____ SUPPLIED RECORDS

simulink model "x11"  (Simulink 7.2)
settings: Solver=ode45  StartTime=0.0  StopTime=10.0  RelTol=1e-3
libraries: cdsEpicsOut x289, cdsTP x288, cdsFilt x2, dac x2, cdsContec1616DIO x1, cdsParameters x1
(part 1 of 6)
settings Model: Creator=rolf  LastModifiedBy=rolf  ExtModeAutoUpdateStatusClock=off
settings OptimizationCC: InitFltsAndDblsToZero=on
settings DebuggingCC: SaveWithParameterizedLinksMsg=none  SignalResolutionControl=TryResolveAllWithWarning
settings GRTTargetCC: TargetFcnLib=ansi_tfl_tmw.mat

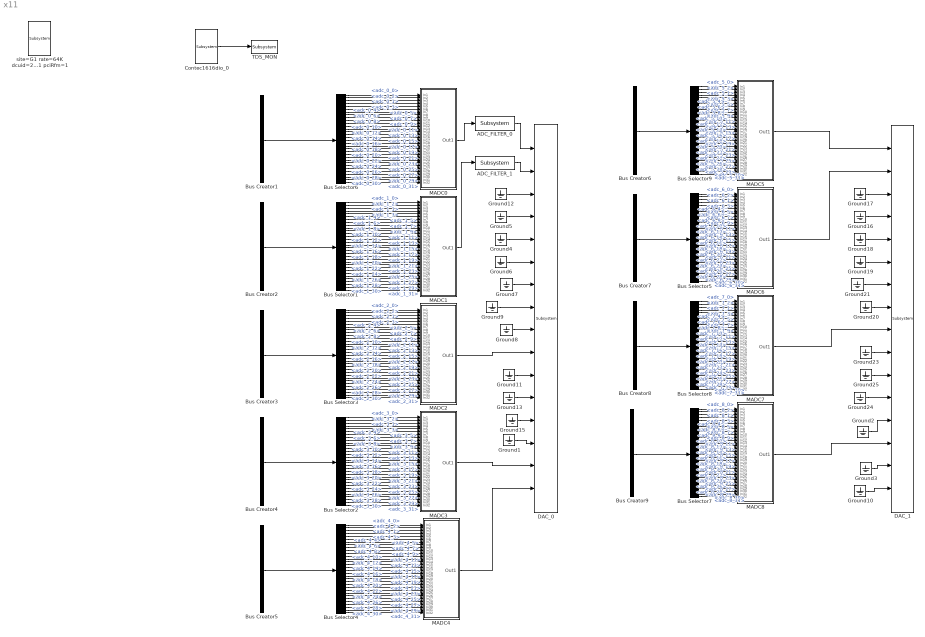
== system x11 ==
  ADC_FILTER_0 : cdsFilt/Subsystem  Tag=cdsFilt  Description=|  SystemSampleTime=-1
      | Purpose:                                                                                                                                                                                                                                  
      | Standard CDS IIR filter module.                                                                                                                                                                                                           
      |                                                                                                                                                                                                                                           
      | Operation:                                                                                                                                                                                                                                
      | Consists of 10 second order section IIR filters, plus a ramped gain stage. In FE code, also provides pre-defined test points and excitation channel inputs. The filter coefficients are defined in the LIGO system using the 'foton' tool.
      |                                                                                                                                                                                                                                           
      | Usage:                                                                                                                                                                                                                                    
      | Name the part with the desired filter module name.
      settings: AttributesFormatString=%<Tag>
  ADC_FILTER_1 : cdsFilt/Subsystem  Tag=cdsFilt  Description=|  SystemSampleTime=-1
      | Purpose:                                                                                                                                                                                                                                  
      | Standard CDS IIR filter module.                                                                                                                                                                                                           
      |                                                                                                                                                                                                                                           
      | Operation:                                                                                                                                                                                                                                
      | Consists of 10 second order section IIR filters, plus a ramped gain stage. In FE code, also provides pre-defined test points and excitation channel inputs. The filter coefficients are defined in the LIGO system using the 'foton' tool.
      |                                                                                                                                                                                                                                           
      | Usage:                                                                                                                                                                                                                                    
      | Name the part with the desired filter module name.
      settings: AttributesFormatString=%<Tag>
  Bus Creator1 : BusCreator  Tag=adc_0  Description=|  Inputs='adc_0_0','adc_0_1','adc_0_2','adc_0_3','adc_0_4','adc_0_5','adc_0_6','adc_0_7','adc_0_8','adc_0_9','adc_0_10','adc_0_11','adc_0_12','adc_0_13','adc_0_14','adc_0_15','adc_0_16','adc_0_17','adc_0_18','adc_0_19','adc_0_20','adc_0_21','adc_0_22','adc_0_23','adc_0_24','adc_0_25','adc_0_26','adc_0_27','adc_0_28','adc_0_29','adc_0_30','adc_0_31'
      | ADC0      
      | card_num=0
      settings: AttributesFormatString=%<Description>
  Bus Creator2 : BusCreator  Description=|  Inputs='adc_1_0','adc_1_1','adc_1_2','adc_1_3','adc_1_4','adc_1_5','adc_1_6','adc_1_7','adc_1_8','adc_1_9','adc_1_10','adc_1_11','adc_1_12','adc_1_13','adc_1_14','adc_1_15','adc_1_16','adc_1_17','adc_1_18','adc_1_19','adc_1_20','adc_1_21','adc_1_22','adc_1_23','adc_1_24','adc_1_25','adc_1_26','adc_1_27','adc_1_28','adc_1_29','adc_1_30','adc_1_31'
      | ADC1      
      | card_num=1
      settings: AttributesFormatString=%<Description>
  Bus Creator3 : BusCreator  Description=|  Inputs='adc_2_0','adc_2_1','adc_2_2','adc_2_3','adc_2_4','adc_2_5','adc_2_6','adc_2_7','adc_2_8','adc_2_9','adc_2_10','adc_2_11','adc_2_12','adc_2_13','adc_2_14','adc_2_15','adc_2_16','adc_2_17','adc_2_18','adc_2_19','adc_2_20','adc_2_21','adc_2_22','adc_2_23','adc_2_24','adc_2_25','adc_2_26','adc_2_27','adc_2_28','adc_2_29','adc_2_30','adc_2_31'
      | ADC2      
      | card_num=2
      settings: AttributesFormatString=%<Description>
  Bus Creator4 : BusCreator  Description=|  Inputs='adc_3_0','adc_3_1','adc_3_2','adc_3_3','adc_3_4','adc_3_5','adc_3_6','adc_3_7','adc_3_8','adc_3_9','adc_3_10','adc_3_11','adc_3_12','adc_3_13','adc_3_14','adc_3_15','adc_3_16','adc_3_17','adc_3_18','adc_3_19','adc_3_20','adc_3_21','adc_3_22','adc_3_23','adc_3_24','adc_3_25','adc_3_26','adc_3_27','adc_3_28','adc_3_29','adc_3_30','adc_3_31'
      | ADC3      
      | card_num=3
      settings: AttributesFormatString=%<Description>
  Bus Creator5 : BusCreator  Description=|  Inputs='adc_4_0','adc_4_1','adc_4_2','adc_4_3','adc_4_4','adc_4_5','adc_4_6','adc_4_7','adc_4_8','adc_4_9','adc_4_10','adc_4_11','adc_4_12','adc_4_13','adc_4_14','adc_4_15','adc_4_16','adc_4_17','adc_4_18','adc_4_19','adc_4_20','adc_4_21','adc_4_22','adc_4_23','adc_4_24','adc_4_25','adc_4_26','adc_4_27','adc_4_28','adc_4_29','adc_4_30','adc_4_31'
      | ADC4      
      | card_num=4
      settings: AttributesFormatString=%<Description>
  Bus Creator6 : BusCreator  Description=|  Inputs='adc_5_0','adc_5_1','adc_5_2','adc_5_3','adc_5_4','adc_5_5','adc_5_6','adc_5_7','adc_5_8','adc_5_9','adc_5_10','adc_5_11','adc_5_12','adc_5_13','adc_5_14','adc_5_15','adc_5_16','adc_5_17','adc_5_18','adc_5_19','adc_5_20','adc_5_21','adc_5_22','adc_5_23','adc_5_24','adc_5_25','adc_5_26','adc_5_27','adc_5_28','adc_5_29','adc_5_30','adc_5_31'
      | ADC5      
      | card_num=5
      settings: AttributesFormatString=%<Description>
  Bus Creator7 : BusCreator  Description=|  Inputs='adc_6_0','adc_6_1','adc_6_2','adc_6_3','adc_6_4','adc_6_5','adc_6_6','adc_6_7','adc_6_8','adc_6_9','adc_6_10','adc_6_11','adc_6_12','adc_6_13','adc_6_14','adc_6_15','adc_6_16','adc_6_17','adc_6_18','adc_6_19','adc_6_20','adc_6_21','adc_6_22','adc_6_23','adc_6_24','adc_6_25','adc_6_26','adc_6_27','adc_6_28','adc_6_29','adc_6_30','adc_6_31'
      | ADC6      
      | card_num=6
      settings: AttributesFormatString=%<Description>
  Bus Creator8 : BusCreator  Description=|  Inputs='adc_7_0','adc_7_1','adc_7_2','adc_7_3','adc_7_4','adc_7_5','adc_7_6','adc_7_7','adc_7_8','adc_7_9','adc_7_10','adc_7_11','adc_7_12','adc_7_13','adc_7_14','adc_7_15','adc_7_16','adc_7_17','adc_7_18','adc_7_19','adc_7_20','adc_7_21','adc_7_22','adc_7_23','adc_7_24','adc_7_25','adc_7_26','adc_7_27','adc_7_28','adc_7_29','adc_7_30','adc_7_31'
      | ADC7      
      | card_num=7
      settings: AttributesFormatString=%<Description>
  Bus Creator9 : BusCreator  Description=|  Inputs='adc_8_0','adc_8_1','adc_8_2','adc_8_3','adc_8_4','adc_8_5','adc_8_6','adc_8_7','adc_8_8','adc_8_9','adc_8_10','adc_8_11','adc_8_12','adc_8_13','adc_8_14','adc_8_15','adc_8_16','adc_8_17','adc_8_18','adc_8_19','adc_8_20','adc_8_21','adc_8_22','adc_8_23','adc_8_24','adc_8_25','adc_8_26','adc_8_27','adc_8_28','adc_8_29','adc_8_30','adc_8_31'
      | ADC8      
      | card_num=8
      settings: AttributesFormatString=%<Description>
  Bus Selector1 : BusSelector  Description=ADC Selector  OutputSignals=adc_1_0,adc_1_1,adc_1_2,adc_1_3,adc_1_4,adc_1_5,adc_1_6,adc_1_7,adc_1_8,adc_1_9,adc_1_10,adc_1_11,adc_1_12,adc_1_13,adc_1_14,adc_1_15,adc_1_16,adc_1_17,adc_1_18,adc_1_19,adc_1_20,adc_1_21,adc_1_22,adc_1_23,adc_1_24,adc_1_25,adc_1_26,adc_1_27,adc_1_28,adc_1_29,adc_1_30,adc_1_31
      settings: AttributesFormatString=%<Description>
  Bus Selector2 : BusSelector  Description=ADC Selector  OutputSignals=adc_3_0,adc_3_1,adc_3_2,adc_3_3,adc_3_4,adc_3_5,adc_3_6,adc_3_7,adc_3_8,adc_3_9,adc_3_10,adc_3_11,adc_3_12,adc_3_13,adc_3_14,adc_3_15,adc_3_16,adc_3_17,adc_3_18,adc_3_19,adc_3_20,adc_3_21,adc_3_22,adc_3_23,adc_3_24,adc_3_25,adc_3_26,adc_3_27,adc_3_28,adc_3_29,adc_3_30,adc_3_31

________

Copy out every line of the data in which the word "SystemSampleTime" is found.

  ADC_FILTER_0 : cdsFilt/Subsystem  Tag=cdsFilt  Description=|  SystemSampleTime=-1
  ADC_FILTER_1 : cdsFilt/Subsystem  Tag=cdsFilt  Description=|  SystemSampleTime=-1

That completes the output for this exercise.